** PROVIDED MATERIAL follows **

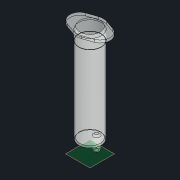
# Autodesk Inventor part: Syringe
Saved by Autodesk Inventor 2022.2 (Build 262287010, 287A)
## iProperties
Created: 2022-06-04
Part Number: Syringe
Material: Glass
Document SubType Name: Modeling
Designer: frede
Density: 2.18 g/cm^3
Appearance: Clear Reflective
Author: frede
Autodesk Inventor part; units mm, degrees
ref_plane "YZ Plane" through (0, 0, 0) normal (1, 0, 0) x (0, 1, 0)
ref_plane "XZ Plane" through (0, 0, 0) normal (0, 1, 0) x (-1, 0, 0)
ref_plane "XY Plane" through (0, 0, 0) normal (0, 0, 1) x (1, 0, 0)
sketch "Sketch1" plane through (0, 0, 0) normal (0, 1, 0) x (-1, 0, 0)
  circle A0 centre (0, 0) radius 8.575
  dimension "d0" = 17.15
  constraints: 1 centre point, 1 coincident
  measures "d0" diameter of A0
extrude "Extrusion1" add sketch "Sketch1" along normal blind 75.5
sketch "Sketch2" plane through (0, 75.5, 0) normal (0, 1, 0) x (1, 0, 0)
  circle A0 centre (0, 0) radius 8.85
  dimension "d3" = 17.7
  constraints: 1 centre point, 1 coincident
  measures "d3" diameter of A0
extrude "Extrusion2" add sketch "Sketch2" against normal blind 9.6
sketch "Sketch3" plane through (0, 75.5, 0) normal (0, 1, 0) x (1, 0, 0)
  line L0 (-3.3083, -9.5957) -> (-10.4021, -7.15)
  arc A0 (-10.4021, 7.15) -> (-10.4021, -7.15) centre (-7.937, 0) ccw
  line L1 (-10.4021, 7.15) -> (-3.3083, 9.5957)
  arc A1 (3.3083, 9.5957) -> (-3.3083, 9.5957) centre (0, 0) ccw
  line L2 (3.3083, 9.5957) -> (10.4021, 7.15)
  arc A2 (10.4021, -7.15) -> (10.4021, 7.15) centre (7.937, 0) ccw
  line L3 (10.4021, -7.15) -> (3.3083, -9.5957)
  arc A3 (-3.3083, -9.5957) -> (3.3083, -9.5957) centre (0, 0) ccw
  line L4 (0, -10.15) -> (0, 10.15) construction
  line L5 (-15.5, 0) -> (15.5, 0) construction
  dimension "d6" = 20.3
  dimension "d7" = 31
  dimension "d8" = 14.3
  constraints: 12 end point, 12 point on circle, 8 tangent, 4 centre point, 3 equal length, 2 equal radius, 2 horizontal alignment, 1 coincident
  measures "d6" distance of L4.start L4.end
  measures "d7" distance of L5.start L5.end
  measures "d8" distance of L3.start L2.end
extrude "Extrusion3" add sketch "Sketch3" against normal blind 2
sketch "Sketch4" plane through (0, 75.5, 0) normal (0, 1, 0) x (1, 0, 0)
  circle A0 centre (0, 0) radius 7.875
  dimension "d11" = 15.75
  constraints: 1 centre point, 1 coincident
  measures "d11" diameter of A0
extrude "Extrusion4" cut sketch "Sketch4" against normal blind 74.5
sketch "Sketch5" plane through (0, 0, 0) normal (0, -1, 0) x (1, 0, 0)
  circle A0 centre (0, -5.075) radius 2.5
  point P0 (0, 0)
  dimension "d14" = 5
  constraints: 1 centre point, 1 vertical alignment
  measures "d14" diameter of A0
ref_plane "Work Plane1" through (0, -10, 0) normal (0, -1, 0) x (1, 0, 0)
sketch "Sketch6" plane through (0, -10, 0) normal (0, -1, 0) x (1, 0, 0)
  circle A0 centre (0, -5.075) radius 2
  point P0 (0, 0)
  dimension "d18" = 4
  constraints: 1 centre point, 1 coincident
  measures "d18" diameter of A0
loft "Loft1" add profiles "Sketch5", "Sketch6"
sketch "Sketch7" plane through (0, -10, -5.075) normal (0, -1, 0) x (1, 0, 0)
  circle A0 centre (0, 0) radius 2 projected
  circle A1 centre (0, 0) radius 1.2
  point P0 (0, 5.075)
  dimension "d24" = 0.8
  constraints: 1 centre point
  measures "d24" radial gap between concentric circles of A0 A1
extrude "Extrusion5" cut sketch "Sketch7" against normal through all contours A1
body "Solid1"

** End of PROVIDED MATERIAL **

### PROBLEM:
Go through the entries above and print each one exactly, minus the pictures.

### RESPONSE AREA:
# Autodesk Inventor part: Syringe
Saved by Autodesk Inventor 2022.2 (Build 262287010, 287A)
## iProperties
Created: 2022-06-04
Part Number: Syringe
Material: Glass
Document SubType Name: Modeling
Designer: frede
Density: 2.18 g/cm^3
Appearance: Clear Reflective
Author: frede
Autodesk Inventor part; units mm, degrees
ref_plane "YZ Plane" through (0, 0, 0) normal (1, 0, 0) x (0, 1, 0)
ref_plane "XZ Plane" through (0, 0, 0) normal (0, 1, 0) x (-1, 0, 0)
ref_plane "XY Plane" through (0, 0, 0) normal (0, 0, 1) x (1, 0, 0)
sketch "Sketch1" plane through (0, 0, 0) normal (0, 1, 0) x (-1, 0, 0)
  circle A0 centre (0, 0) radius 8.575
  dimension "d0" = 17.15
  constraints: 1 centre point, 1 coincident
  measures "d0" diameter of A0
extrude "Extrusion1" add sketch "Sketch1" along normal blind 75.5
sketch "Sketch2" plane through (0, 75.5, 0) normal (0, 1, 0) x (1, 0, 0)
  circle A0 centre (0, 0) radius 8.85
  dimension "d3" = 17.7
  constraints: 1 centre point, 1 coincident
  measures "d3" diameter of A0
extrude "Extrusion2" add sketch "Sketch2" against normal blind 9.6
sketch "Sketch3" plane through (0, 75.5, 0) normal (0, 1, 0) x (1, 0, 0)
  line L0 (-3.3083, -9.5957) -> (-10.4021, -7.15)
  arc A0 (-10.4021, 7.15) -> (-10.4021, -7.15) centre (-7.937, 0) ccw
  line L1 (-10.4021, 7.15) -> (-3.3083, 9.5957)
  arc A1 (3.3083, 9.5957) -> (-3.3083, 9.5957) centre (0, 0) ccw
  line L2 (3.3083, 9.5957) -> (10.4021, 7.15)
  arc A2 (10.4021, -7.15) -> (10.4021, 7.15) centre (7.937, 0) ccw
  line L3 (10.4021, -7.15) -> (3.3083, -9.5957)
  arc A3 (-3.3083, -9.5957) -> (3.3083, -9.5957) centre (0, 0) ccw
  line L4 (0, -10.15) -> (0, 10.15) construction
  line L5 (-15.5, 0) -> (15.5, 0) construction
  dimension "d6" = 20.3
  dimension "d7" = 31
  dimension "d8" = 14.3
  constraints: 12 end point, 12 point on circle, 8 tangent, 4 centre point, 3 equal length, 2 equal radius, 2 horizontal alignment, 1 coincident
  measures "d6" distance of L4.start L4.end
  measures "d7" distance of L5.start L5.end
  measures "d8" distance of L3.start L2.end
extrude "Extrusion3" add sketch "Sketch3" against normal blind 2
sketch "Sketch4" plane through (0, 75.5, 0) normal (0, 1, 0) x (1, 0, 0)
  circle A0 centre (0, 0) radius 7.875
  dimension "d11" = 15.75
  constraints: 1 centre point, 1 coincident
  measures "d11" diameter of A0
extrude "Extrusion4" cut sketch "Sketch4" against normal blind 74.5
sketch "Sketch5" plane through (0, 0, 0) normal (0, -1, 0) x (1, 0, 0)
  circle A0 centre (0, -5.075) radius 2.5
  point P0 (0, 0)
  dimension "d14" = 5
  constraints: 1 centre point, 1 vertical alignment
  measures "d14" diameter of A0
ref_plane "Work Plane1" through (0, -10, 0) normal (0, -1, 0) x (1, 0, 0)
sketch "Sketch6" plane through (0, -10, 0) normal (0, -1, 0) x (1, 0, 0)
  circle A0 centre (0, -5.075) radius 2
  point P0 (0, 0)
  dimension "d18" = 4
  constraints: 1 centre point, 1 coincident
  measures "d18" diameter of A0
loft "Loft1" add profiles "Sketch5", "Sketch6"
sketch "Sketch7" plane through (0, -10, -5.075) normal (0, -1, 0) x (1, 0, 0)
  circle A0 centre (0, 0) radius 2 projected
  circle A1 centre (0, 0) radius 1.2
  point P0 (0, 5.075)
  dimension "d24" = 0.8
  constraints: 1 centre point
  measures "d24" radial gap between concentric circles of A0 A1
extrude "Extrusion5" cut sketch "Sketch7" against normal through all contours A1
body "Solid1"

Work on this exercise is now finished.